How can tension take your lifts next level?
Tension – not to be confused with the general bodybuilding idea of “time under tension,” which usually is referring to keep a prime mover under tension, such as the pectoral during bench press. Irradiation is rather the isometric contraction of the non-prime movers and the prime mover along with the necessary contraction to produce movement or not; it depends on the situation.
Tension is a common word for “irradiation,” is often overlooked during training. Irradiation comes from Sherrington’s Law of Irradiation which states:
A muscle working hard recruits the neighboring muscles, and if they are already part of the action, it amplifies their strength. The neural impulses emitted by the contracting muscle reach other muscles and ‘turn them on’ just as an electric current starts a motor.”
Simply put, the more motor units recruited to produce movement or reduce movement, the better neural activation to help you control the weight or load.
Example: Think about a time when you had to push a car or lift a heavy object.
How did you prepare for the push or pull of the car or whatever that heavy object was?
Did you only concentrate on using your legs (prime mover)?
Or did you create tension throughout multiple muscle groups, possibly every muscle group (irradiation)?
More than likely you used irradiation. Why? Because your primal instinct kicked in and you realized to move that car or heavy object, it would take a lot of effort (neural drive) and you called on your central nervous system to recruit all the potential strength you possessed to apply maximal force.
Incorporate irradiation in your training
If done properly, irradiation can yield some quick gains to your lifts and increase strength simply by increasing neural muscular efficiency – the ability for the central nervous system to recruit the muscle required for your desired movement when called upon. The greater efficiency you have in recruiting motor units to produce movement or resist movement, the greater your force production or strength/power application will be.
How to perform irradiation
It seems easy but easy is not simple and simple is not easy. With that said, create tension throughout the entire body.

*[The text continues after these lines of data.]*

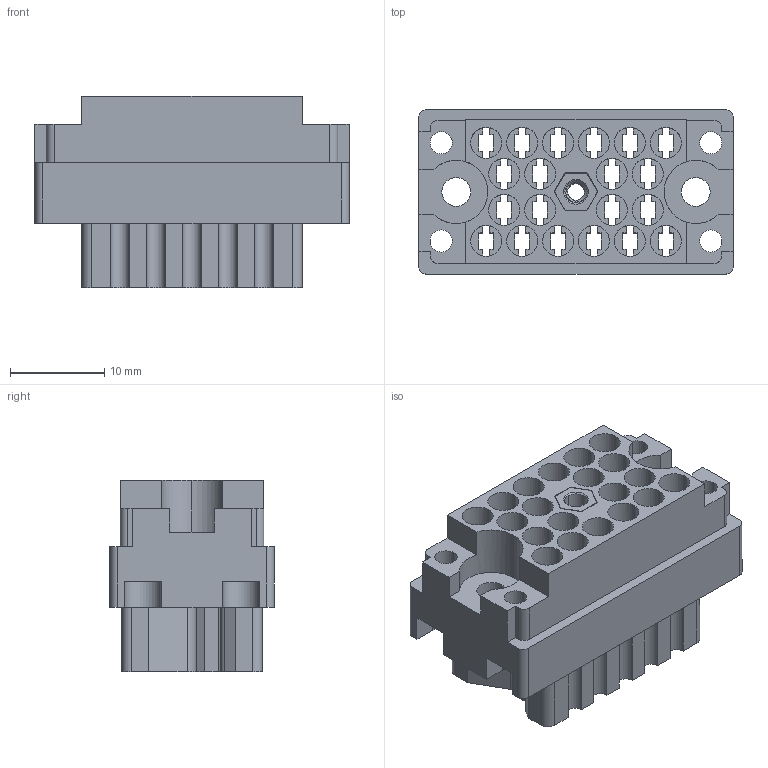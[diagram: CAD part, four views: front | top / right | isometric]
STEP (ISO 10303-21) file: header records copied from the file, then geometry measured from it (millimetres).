
FILE_DESCRIPTION (( 'STEP AP203' ), '1' );
FILE_NAME ('516-020-000-606.STEP', '2020-03-04T16:45:53', ( '' ), ( '' ), 'SwSTEP 2.0', 'SolidWorks 2016', '' );
FILE_SCHEMA (( 'CONFIG_CONTROL_DESIGN' ));
Length unit declared in the file: inch
Products named in the file (3): 516 Part Receptacle_020; 516-020-000-606; 516-252-025-100_516-252-025-100
Assembly tree (2 placements, depth 2):
  516-020-000-606
    516 Part Receptacle_020
    516-252-025-100_516-252-025-100
Bounding box: 33.32 x 17.42 x 20.27 mm (x, y, z)
Volume: 5061.5 mm3; surface area: 8513.5 mm2
Topology: 2 solids, 2 shells, 665 faces, 1937 edges, 1287 vertices
Faces by surface type: plane 424, cylinder 227, cone 11, bspline 3
Entity records: 24958 total; most frequent: CARTESIAN_POINT 6610, ORIENTED_EDGE 3874, DIRECTION 3716, EDGE_CURVE 1937, LINE 1380, VECTOR 1380, VERTEX_POINT 1287, AXIS2_PLACEMENT_3D 1168
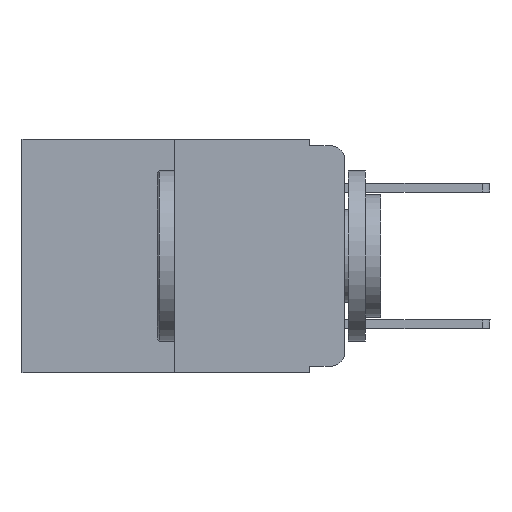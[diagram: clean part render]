
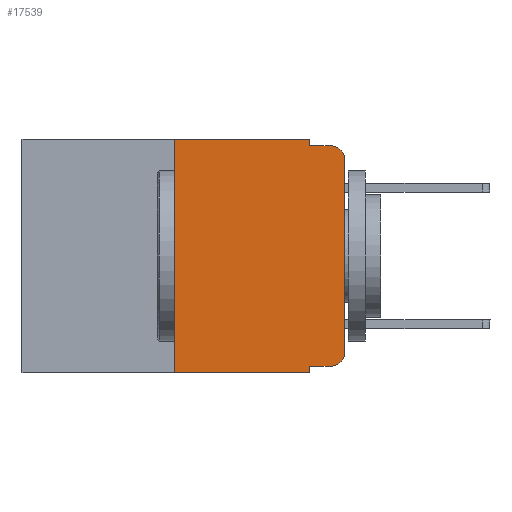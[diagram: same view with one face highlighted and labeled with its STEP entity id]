
A CAD part, left-side view. The second image highlights one B-rep face of the part: STEP entity #17539.
In plain terms, the highlighted planar face has unit normal (-1, 0, 0).
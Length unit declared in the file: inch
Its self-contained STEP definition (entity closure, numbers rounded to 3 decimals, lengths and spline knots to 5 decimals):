
#148 = DIRECTION ( 'NONE',  ( 0., 0., 1. ) ) ;
#819 = CARTESIAN_POINT ( 'NONE',  ( 0., 0.02, -0.333 ) ) ;
#824 = EDGE_CURVE ( 'NONE', #17543, #16498, #5310, .T. ) ;
#1425 = ORIENTED_EDGE ( 'NONE', *, *, #824, .T. ) ;
#1469 = CIRCLE ( 'NONE', #2114, 0.02 ) ;
#1476 = DIRECTION ( 'NONE',  ( 0., -1., 0. ) ) ;
#2114 = AXIS2_PLACEMENT_3D ( 'NONE', #15505, #2840, #5497 ) ;
#2137 = ORIENTED_EDGE ( 'NONE', *, *, #4531, .F. ) ;
#2203 = CARTESIAN_POINT ( 'NONE',  ( 0., 0.051, -0.01 ) ) ;
#2241 = VERTEX_POINT ( 'NONE', #5208 ) ;
#2840 = DIRECTION ( 'NONE',  ( -1., 0., 0. ) ) ;
#3317 = DIRECTION ( 'NONE',  ( 0., 0., -1. ) ) ;
#3366 = DIRECTION ( 'NONE',  ( 0., 0., 1. ) ) ;
#3472 = CARTESIAN_POINT ( 'NONE',  ( 0., 0.051, 0. ) ) ;
#3578 = VERTEX_POINT ( 'NONE', #6424 ) ;
#3598 = CARTESIAN_POINT ( 'NONE',  ( 0., 0.051, 0. ) ) ;
#3768 = VERTEX_POINT ( 'NONE', #4140 ) ;
#3793 = DIRECTION ( 'NONE',  ( 0., 0., -1. ) ) ;
#3851 = DIRECTION ( 'NONE',  ( 0., -1., 0. ) ) ;
#3922 = DIRECTION ( 'NONE',  ( 1., 0., 0. ) ) ;
#4140 = CARTESIAN_POINT ( 'NONE',  ( 0., 0.25, -0.343 ) ) ;
#4506 = VERTEX_POINT ( 'NONE', #819 ) ;
#4531 = EDGE_CURVE ( 'NONE', #5404, #17074, #15727, .T. ) ;
#4542 = CARTESIAN_POINT ( 'NONE',  ( 0., 0.02, -0.01 ) ) ;
#4837 = CIRCLE ( 'NONE', #16959, 0.02 ) ;
#5208 = CARTESIAN_POINT ( 'NONE',  ( 0., 0.051, 0. ) ) ;
#5210 = VECTOR ( 'NONE', #3851, 39.37008 ) ;
#5310 = LINE ( 'NONE', #6305, #10059 ) ;
#5404 = VERTEX_POINT ( 'NONE', #6133 ) ;
#5497 = DIRECTION ( 'NONE',  ( 0., 0., -1. ) ) ;
#5755 = ORIENTED_EDGE ( 'NONE', *, *, #17968, .T. ) ;
#5963 = EDGE_CURVE ( 'NONE', #3578, #2241, #13565, .T. ) ;
#6133 = CARTESIAN_POINT ( 'NONE',  ( 0., 0.051, -0.01 ) ) ;
#6236 = VECTOR ( 'NONE', #1476, 39.37008 ) ;
#6305 = CARTESIAN_POINT ( 'NONE',  ( 0., 0., 0. ) ) ;
#6424 = CARTESIAN_POINT ( 'NONE',  ( 0., 0.25, 0. ) ) ;
#6755 = VECTOR ( 'NONE', #13599, 39.37008 ) ;
#6838 = EDGE_CURVE ( 'NONE', #4506, #17543, #1469, .T. ) ;
#7303 = EDGE_CURVE ( 'NONE', #13460, #17790, #14835, .T. ) ;
#7308 = VECTOR ( 'NONE', #17732, 39.37008 ) ;
#7965 = ORIENTED_EDGE ( 'NONE', *, *, #7303, .F. ) ;
#9004 = CARTESIAN_POINT ( 'NONE',  ( 0., 0.051, -0.343 ) ) ;
#9016 = EDGE_CURVE ( 'NONE', #2241, #5404, #18085, .T. ) ;
#9068 = DIRECTION ( 'NONE',  ( 0., -1., 0. ) ) ;
#9200 = DIRECTION ( 'NONE',  ( -1., 0., 0. ) ) ;
#9745 = CARTESIAN_POINT ( 'NONE',  ( 0., 0., -0.03 ) ) ;
#9868 = CARTESIAN_POINT ( 'NONE',  ( 0., 0.051, -0.333 ) ) ;
#9935 = EDGE_LOOP ( 'NONE', ( #1425, #16983, #2137, #16027, #14566, #16875, #5755, #7965, #12602, #15670 ) ) ;
#10059 = VECTOR ( 'NONE', #3366, 39.37008 ) ;
#10118 = EDGE_CURVE ( 'NONE', #13460, #4506, #14705, .T. ) ;
#10657 = LINE ( 'NONE', #14892, #7308 ) ;
#10706 = DIRECTION ( 'NONE',  ( 0., 0., -1. ) ) ;
#11185 = LINE ( 'NONE', #11563, #12979 ) ;
#11563 = CARTESIAN_POINT ( 'NONE',  ( 0., 0.25, 0. ) ) ;
#12602 = ORIENTED_EDGE ( 'NONE', *, *, #10118, .T. ) ;
#12647 = FACE_OUTER_BOUND ( 'NONE', #9935, .T. ) ;
#12979 = VECTOR ( 'NONE', #148, 39.37008 ) ;
#13362 = CARTESIAN_POINT ( 'NONE',  ( 0., 0.02, -0.03 ) ) ;
#13460 = VERTEX_POINT ( 'NONE', #14985 ) ;
#13565 = LINE ( 'NONE', #14708, #16890 ) ;
#13599 = DIRECTION ( 'NONE',  ( 0., 0., -1. ) ) ;
#13761 = AXIS2_PLACEMENT_3D ( 'NONE', #16762, #3922, #3793 ) ;
#14152 = EDGE_CURVE ( 'NONE', #3768, #3578, #11185, .T. ) ;
#14566 = ORIENTED_EDGE ( 'NONE', *, *, #5963, .F. ) ;
#14705 = LINE ( 'NONE', #9868, #6236 ) ;
#14708 = CARTESIAN_POINT ( 'NONE',  ( 0., 0.473, 0. ) ) ;
#14835 = LINE ( 'NONE', #3598, #15052 ) ;
#14892 = CARTESIAN_POINT ( 'NONE',  ( 0., 0.473, -0.343 ) ) ;
#14985 = CARTESIAN_POINT ( 'NONE',  ( 0., 0.051, -0.333 ) ) ;
#15052 = VECTOR ( 'NONE', #10706, 39.37008 ) ;
#15226 = CARTESIAN_POINT ( 'NONE',  ( 0., 0., -0.313 ) ) ;
#15425 = PLANE ( 'NONE',  #13761 ) ;
#15505 = CARTESIAN_POINT ( 'NONE',  ( 0., 0.02, -0.313 ) ) ;
#15670 = ORIENTED_EDGE ( 'NONE', *, *, #6838, .T. ) ;
#15727 = LINE ( 'NONE', #2203, #5210 ) ;
#16027 = ORIENTED_EDGE ( 'NONE', *, *, #9016, .F. ) ;
#16498 = VERTEX_POINT ( 'NONE', #9745 ) ;
#16762 = CARTESIAN_POINT ( 'NONE',  ( 0., 0.473, 0. ) ) ;
#16875 = ORIENTED_EDGE ( 'NONE', *, *, #14152, .F. ) ;
#16890 = VECTOR ( 'NONE', #9068, 39.37008 ) ;
#16959 = AXIS2_PLACEMENT_3D ( 'NONE', #13362, #9200, #3317 ) ;
#16983 = ORIENTED_EDGE ( 'NONE', *, *, #17297, .T. ) ;
#17074 = VERTEX_POINT ( 'NONE', #4542 ) ;
#17297 = EDGE_CURVE ( 'NONE', #16498, #17074, #4837, .T. ) ;
#17539 = ADVANCED_FACE ( 'NONE', ( #12647 ), #15425, .F. ) ;
#17543 = VERTEX_POINT ( 'NONE', #15226 ) ;
#17732 = DIRECTION ( 'NONE',  ( 0., -1., 0. ) ) ;
#17790 = VERTEX_POINT ( 'NONE', #9004 ) ;
#17968 = EDGE_CURVE ( 'NONE', #3768, #17790, #10657, .T. ) ;
#18085 = LINE ( 'NONE', #3472, #6755 ) ;
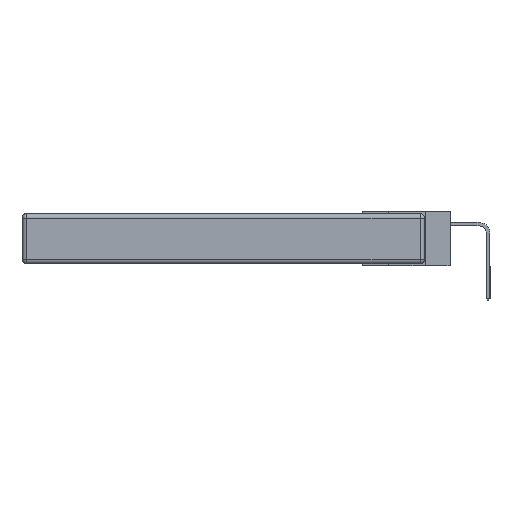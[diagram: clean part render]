
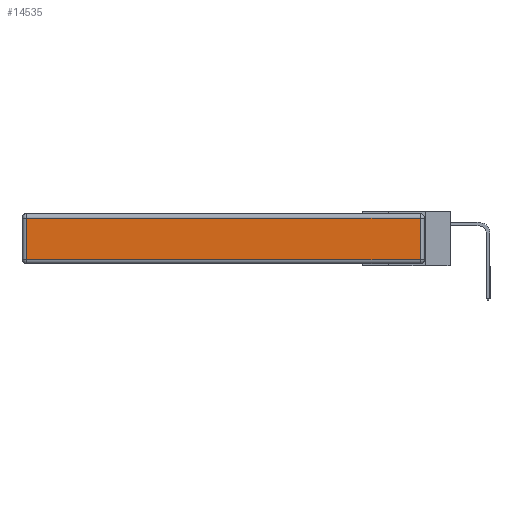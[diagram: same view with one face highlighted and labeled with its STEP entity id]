
A CAD part, left-side view. The second image highlights one B-rep face of the part: STEP entity #14535.
In plain terms, the highlighted planar face has unit normal (-1, 0, 0).
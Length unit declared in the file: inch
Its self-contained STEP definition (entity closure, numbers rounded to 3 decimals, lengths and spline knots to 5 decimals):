
#290 = PLANE ( 'NONE',  #3779 ) ;
#588 = ORIENTED_EDGE ( 'NONE', *, *, #13260, .T. ) ;
#876 = VECTOR ( 'NONE', #12857, 39.37008 ) ;
#1183 = CARTESIAN_POINT ( 'NONE',  ( 0., 0.03, -0.03 ) ) ;
#1365 = DIRECTION ( 'NONE',  ( 0., 0., 1. ) ) ;
#1840 = VECTOR ( 'NONE', #15329, 39.37008 ) ;
#2275 = CARTESIAN_POINT ( 'NONE',  ( 0., 2.72, -0.313 ) ) ;
#2304 = VERTEX_POINT ( 'NONE', #15919 ) ;
#2316 = EDGE_CURVE ( 'NONE', #2304, #13257, #5573, .T. ) ;
#2465 = FACE_OUTER_BOUND ( 'NONE', #2792, .T. ) ;
#2792 = EDGE_LOOP ( 'NONE', ( #588, #14203, #5555, #6907 ) ) ;
#3779 = AXIS2_PLACEMENT_3D ( 'NONE', #8255, #6994, #5680 ) ;
#4967 = CARTESIAN_POINT ( 'NONE',  ( 0., 2.72, -0.343 ) ) ;
#5555 = ORIENTED_EDGE ( 'NONE', *, *, #10002, .T. ) ;
#5573 = LINE ( 'NONE', #16037, #12590 ) ;
#5680 = DIRECTION ( 'NONE',  ( 0., 0., 1. ) ) ;
#6378 = VERTEX_POINT ( 'NONE', #12408 ) ;
#6472 = VERTEX_POINT ( 'NONE', #2275 ) ;
#6875 = CARTESIAN_POINT ( 'NONE',  ( 0., 2.75, -0.03 ) ) ;
#6907 = ORIENTED_EDGE ( 'NONE', *, *, #12183, .T. ) ;
#6994 = DIRECTION ( 'NONE',  ( -1., 0., 0. ) ) ;
#7761 = DIRECTION ( 'NONE',  ( 0., -1., 0. ) ) ;
#7887 = LINE ( 'NONE', #6875, #876 ) ;
#8255 = CARTESIAN_POINT ( 'NONE',  ( 0., 0., -0.343 ) ) ;
#10002 = EDGE_CURVE ( 'NONE', #13257, #6378, #7887, .T. ) ;
#12183 = EDGE_CURVE ( 'NONE', #6378, #6472, #17027, .T. ) ;
#12408 = CARTESIAN_POINT ( 'NONE',  ( 0., 2.72, -0.03 ) ) ;
#12590 = VECTOR ( 'NONE', #1365, 39.37008 ) ;
#12608 = LINE ( 'NONE', #14327, #13437 ) ;
#12857 = DIRECTION ( 'NONE',  ( 0., 1., 0. ) ) ;
#13257 = VERTEX_POINT ( 'NONE', #1183 ) ;
#13260 = EDGE_CURVE ( 'NONE', #6472, #2304, #12608, .T. ) ;
#13437 = VECTOR ( 'NONE', #7761, 39.37008 ) ;
#14203 = ORIENTED_EDGE ( 'NONE', *, *, #2316, .T. ) ;
#14327 = CARTESIAN_POINT ( 'NONE',  ( 0., 0., -0.313 ) ) ;
#14535 = ADVANCED_FACE ( 'NONE', ( #2465 ), #290, .T. ) ;
#15329 = DIRECTION ( 'NONE',  ( 0., 0., -1. ) ) ;
#15919 = CARTESIAN_POINT ( 'NONE',  ( 0., 0.03, -0.313 ) ) ;
#16037 = CARTESIAN_POINT ( 'NONE',  ( 0., 0.03, -0.343 ) ) ;
#17027 = LINE ( 'NONE', #4967, #1840 ) ;

For example, if you’re performing standing biceps curls, you create an isometric contraction throughout your entire body; feet (ground contact), quads, glutes, abdominal complex, forearms, scapulae retracted and of course tension and controlled movement in/with the biceps.
Although the primary focus in the above example is to perform a biceps curl, the irradiation effort thorough out the body is also training the nervous system to produce activation in all muscle groups more efficiently.